Pressure in the ears - ventilation disorder?
This rather unpleasant sensation can occur at any age, even in the first year of life.
Symptoms: Feeling of pressure, ringing in the ears (e.g. also when swallowing), possibly limited hearing.
How does it happen?
Pressure is equalised between the outside air and the middle ear via the 3 to 4 cm long Eustachian tube (Eustachian tube). It is the "connecting piece" between the middle ear and the nasopharynx. It is therefore possible that ear problems often originate in the nose and thus the treatment of ear pressure starts via the nose.
Pressure equalisation is important when we ride a cable car, fly or dive, for example.
In order to hear "normally", the eardrum, as the "door" to the middle ear, must be able to vibrate freely. This only works if the pressure in front of and behind the eardrum is the same. Short-term disturbances of the pressure balance can normally be eliminated by yawning or swallowing. However, if the feeling of pressure persists, there may be an inflammation (tubal catarrh) or swelling of the Eustachian tube, so that the pressure can no longer be equalised. As a result, ventilation no longer works, negative pressure develops in the middle ear, the eardrum no longer vibrates freely - you have the feeling of being deaf.
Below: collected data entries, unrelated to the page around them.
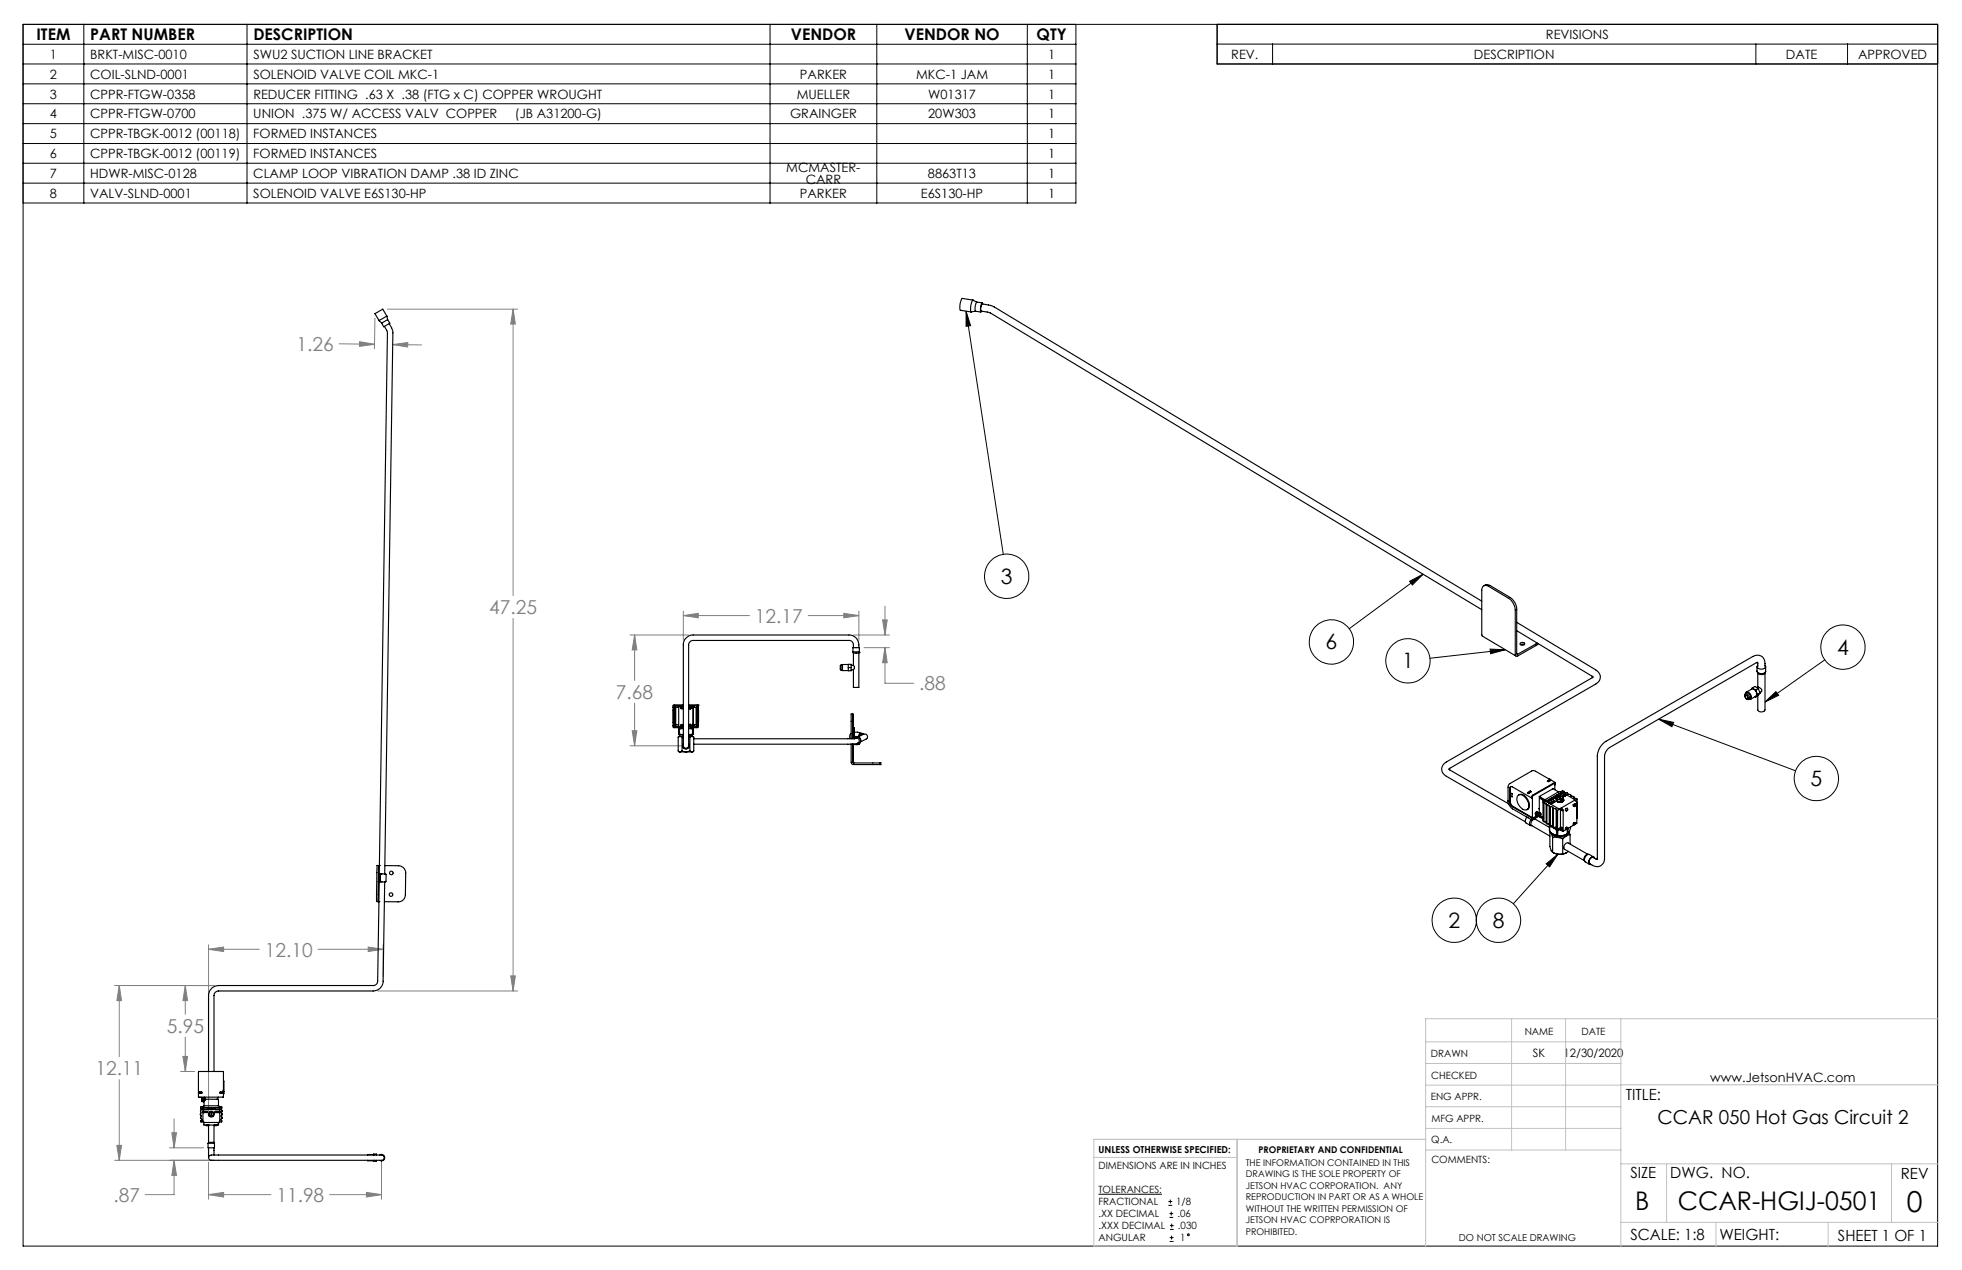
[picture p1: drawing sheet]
<svg xmlns="http://www.w3.org/2000/svg" width="432mm" height="279mm" viewBox="0 0 432 279" stroke-linecap="round" stroke-linejoin="round" font-family="sans-serif">
<g fill="none" stroke="#000" stroke-width=".22">
<path d="M5.1 14.1h231.7M5.1 9.7h231.7M5.1 18.5h231.7M5.1 5.4h421.3v268.7h-421.3zM18.5 5.4v39.3M54.4 5.4v39.3M169.5 5.4v39.3M193 5.4v39.3M226.1 5.4v39.3M236.8 5.4v39.3h-231.7M267.9 5.4v8.7h158.5M267.9 9.7h158.5"/>
<path d="M280.1 9.7v4.4M386.4 9.7v4.4M406.6 9.7v4.4M5.1 22.8h231.7M5.1 27.2h231.7M5.1 31.6h231.7M5.1 35.9h231.7M5.1 40.3h231.7M212.6 68.5l1 3.1-1 .2zM212.6 68.5l8.2 53.5M310.2 127.9l3-1.6-2.4 2.4zM313.2 126.3l-16.3 12"/>
<path d="M327.9 142.8l3.4 .1-3.3 .9zM331.3 142.9l-16.6 1.9M365.1 158.2l3.2 .7-.4 1zM365.1 158.2l30.1 11.4M388.4 154.4l2.4-2.2 .6 .8zM401.6 145.2l-13.2 9.2M340.3 190l2.6-2.1-1.9 2.8zM342.9 187.9l-9.8 10.9M241.7 262.7h14M257.1 265.2h.9M257.1 264.3h.9M257.4 267.8h.8"/>
<path d="M257.4 267h.8M257.4 273.1h.9M257.4 272.3h.9M257.5 270.5h.8M257.5 269.6h.8M257.6 263.9v.9M257.8 266.6v.8M257.8 271.9v.8M257.9 269.2v.9"/>
<circle cx="221.5" cy="126.8" r="4.9"/>
<circle cx="293" cy="141.2" r="4.9"/>
<circle cx="309.9" cy="145.4" r="4.9"/>
<circle cx="405.6" cy="142.4" r="4.9"/>
<circle cx="399.8" cy="171.3" r="4.9"/>
<circle cx="320" cy="202.5" r="4.9"/>
<circle cx="329.8" cy="202.5" r="4.9"/>
<circle cx="261.6" cy="271.7" r=".21"/>
</g>
<g fill="none" stroke="#808080" stroke-width=".22">
<path d="M74.6 75.6l7.8 .1M79.1 75.2l3.3 .5-3.3 .5zM82.5 70l-.1 6.7M85.3 68h28.6M86.4 75.8l6.4 .1M86.4 75.8l3.3-.4v.9zM112.9 68l.5 3.3h-1zM112.9 68v63M112.9 136.1v81.9M138.6 139.7h13M139.7 139.7l.5 3.3h-1.1zM139.7 139.7v10"/>
<path d="M150.4 135.4l3.3-.5v1zM150.4 134.4v6.5M150.4 135.4h14.6M177.9 135.4h11.1M185.7 134.9l3.3 .5-3.3 .5zM187.8 139.7h8M189 134.4v6.5M194.2 136.4h1.1l-.5 3.3zM194.8 133.4v6.3M139.7 154.7v9.4M190.1 142.5h5.7M194.8 142.5l.5 3.3h-1.1z"/>
<path d="M194.8 142.5v7.8h6.3M138.6 164.1h11.4M139.1 160.8h1.1l-.5 3.3zM25.2 216.8h21.9M26.2 216.8v15.7M26.2 216.8l.5 3.3h-1zM40.8 216.8v6.3M40.8 216.8l.5 3.3h-1zM45.9 207.9v37.7M45.9 208.8h11.2M45.9 208.8l3.3-.4v.9zM70 208.8h14.3"/>
<path d="M81 208.4l3.3 .4-3.3 .5zM83.1 218h30.8M84.3 207.9v6.9M112.4 214.7h1l-.5 3.3zM26.2 237.5v17.8M39.8 235.7h3.1M40.3 232.4h1l-.5 3.3zM40.8 228.1v7.6M25.2 255.3h21.9M25.7 252h1l-.5 3.3zM37.3 252.5h7.5M37.8 249.2h1l-.5 3.3z"/>
<path d="M38.3 255.3v7.5h-6.3M38.3 246.2v6.3M38.3 255.3l.5 3.3h-1zM45.9 255.7v8.1M84 255.7v8.1M45.9 262.8h13.7M45.9 262.8l3.3-.5v1zM72.5 262.8h11.5M80.6 262.3l3.4 .5-3.4 .5z"/>
</g>
<g fill="none" stroke="#c0c0c0" stroke-width=".22">
<path d="M313.8 238.7h42.9M313.8 234h42.9M313.8 229.2h42.9M332.7 224.1v28.9M344.6 224.1v28.9M356.7 224.1v50.3M356.7 238.7h69.7M426.4 224.1h-112.6v50.3M240.7 254.6h31.6M272.3 250.6v23.5h-31.6v-23.5h73.1M313.8 253h42.9M313.8 243.5h42.9"/>
<path d="M313.8 248.2h42.9M356.7 256h69.7M366.8 256v12.9M416.3 256v12.9M356.7 268.9h69.7M377.6 268.9v5.5M402.3 268.9v5.5"/>
</g>
<path d="M212.6 68.5l1 3.1-1 .2zM310.2 127.9l3-1.6-2.4 2.4zM327.9 142.8l3.4 .1-3.3 .9zM388.4 154.4l2.4-2.2 .6 .8zM365.1 158.2l3.2 .7-.4 1zM340.3 190l2.6-2.1-1.9 2.8z" fill="#000"/>
<path d="M139.1 160.8h1.1l-.5 3.3zM139.7 139.7l.5 3.3h-1.1zM150.4 135.4l3.3-.5v1zM185.7 134.9l3.3 .5-3.3 .5zM194.8 142.5l.5 3.3h-1.1zM194.2 136.4h1.1l-.5 3.3zM86.4 75.8l3.3-.4v.9zM79.1 75.2l3.3 .5-3.3 .5zM112.9 68l.5 3.3h-1zM112.4 214.7h1l-.5 3.3zM40.8 216.8l.5 3.3h-1zM40.3 232.4h1l-.5 3.3zM26.2 216.8l.5 3.3h-1zM25.7 252h1l-.5 3.3zM37.8 249.2h1l-.5 3.3zM38.3 255.3l.5 3.3h-1zM80.6 262.3l3.4 .5-3.4 .5zM45.9 262.8l3.3-.5v1zM45.9 208.8l3.3-.4v.9zM81 208.4l3.3 .4-3.3 .5z" fill="#808080"/>
<g fill="none" stroke="#000" stroke-width=".25">
<path d="M83.4 70.5l.6 .6M84.6 71.8l.7 1.4-1.8 119.1M85.1 69.5l.2 .8M85.1 69.5l-.9-1.5-1.7 1 .9 1.5M85.1 69.5l-1.7 1M85.3 70.3l.5 .8-.2 .1-1.1 .7-.5-.8M85.3 70.3l-1.3 .8M85.7 71.2l.5 .9 .3 1.1-1.8 119.1h.1M214.2 66l-2.5-.3-.4 1v1.5l2.4 .4M214.2 66l-.2 .2-.3 .9-.1 1.3 .1 .2M214.2 66l.7 .5M214.7 68.5l-1 .1"/>
<path d="M214.7 68.5l1.2 .2M214.9 66.5h.1M215 66.5l-.4 1.1 .1 .9M215 66.5l1.2 .1M215.9 68.4l2.1 .5 108.1 65.2M216.1 66.9l2.5 .5 107.5 64.9M216.2 66.9l-.2 .1-.2 .8 .1 .6M216.3 66.9l-.2-.2-.3 .8v1l.1 .2 .1-.2M326.6 128.9l.6-.3 .7 .2 4.5 2.6a3.4 3.4 0 0 1 1.4 2.7v9.8l4.5-2.4M333.8 136.9l17.4 10.5a1.7 1.7 0 0 1 1 1.6 1.7 1.7 0 0 1-1 1.5l-32.3 18.7M333.8 138.7l16.8 10.2M148.1 159.6l.2 .5h1.7"/>
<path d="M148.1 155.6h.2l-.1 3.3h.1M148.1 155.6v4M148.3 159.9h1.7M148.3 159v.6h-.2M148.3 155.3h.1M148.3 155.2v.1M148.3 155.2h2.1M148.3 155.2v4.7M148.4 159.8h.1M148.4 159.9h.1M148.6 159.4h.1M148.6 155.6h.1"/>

The first step is to see an ENT doctor, who will take a thorough medical history (how long have the symptoms existed, reasons for possible triggers). Then the eardrum is examined with a special microscope to detect possible pre-existing complications and to include them in the diagnosis. Since it is a nose-ear problem, the examination of the nose with the endoscope and the functional testing of the nose are another important step. This is followed by a hearing test (audiogram) and a measurement of the current ventilation status of the ear (tympanogram).
Based on all the diagnostic results, the ENT specialist decides which therapeutic measures to initiate.
Conservative therapy or minimally invasive surgery?
In conservative therapy, nasal rinsing with a special saline solution, the use of a cortisone-containing nasal spray and pressure equalisation training (inflating a small balloon through the nose) are recommended.
For the minimally invasive surgery (tube dilation), the patient is put under a short anaesthetic. The ENT doctor inserts a small instrument through the nose towards the ear, where he or she inserts a small catheter (balloon) into the eustachian tube, inflates it briefly to loosen adhesions or expand constrictions and thus allow the eardrum to swing freely again. After about 6-8 days, the still slight pressure in the ear disappears and the eustachian tube functions properly again.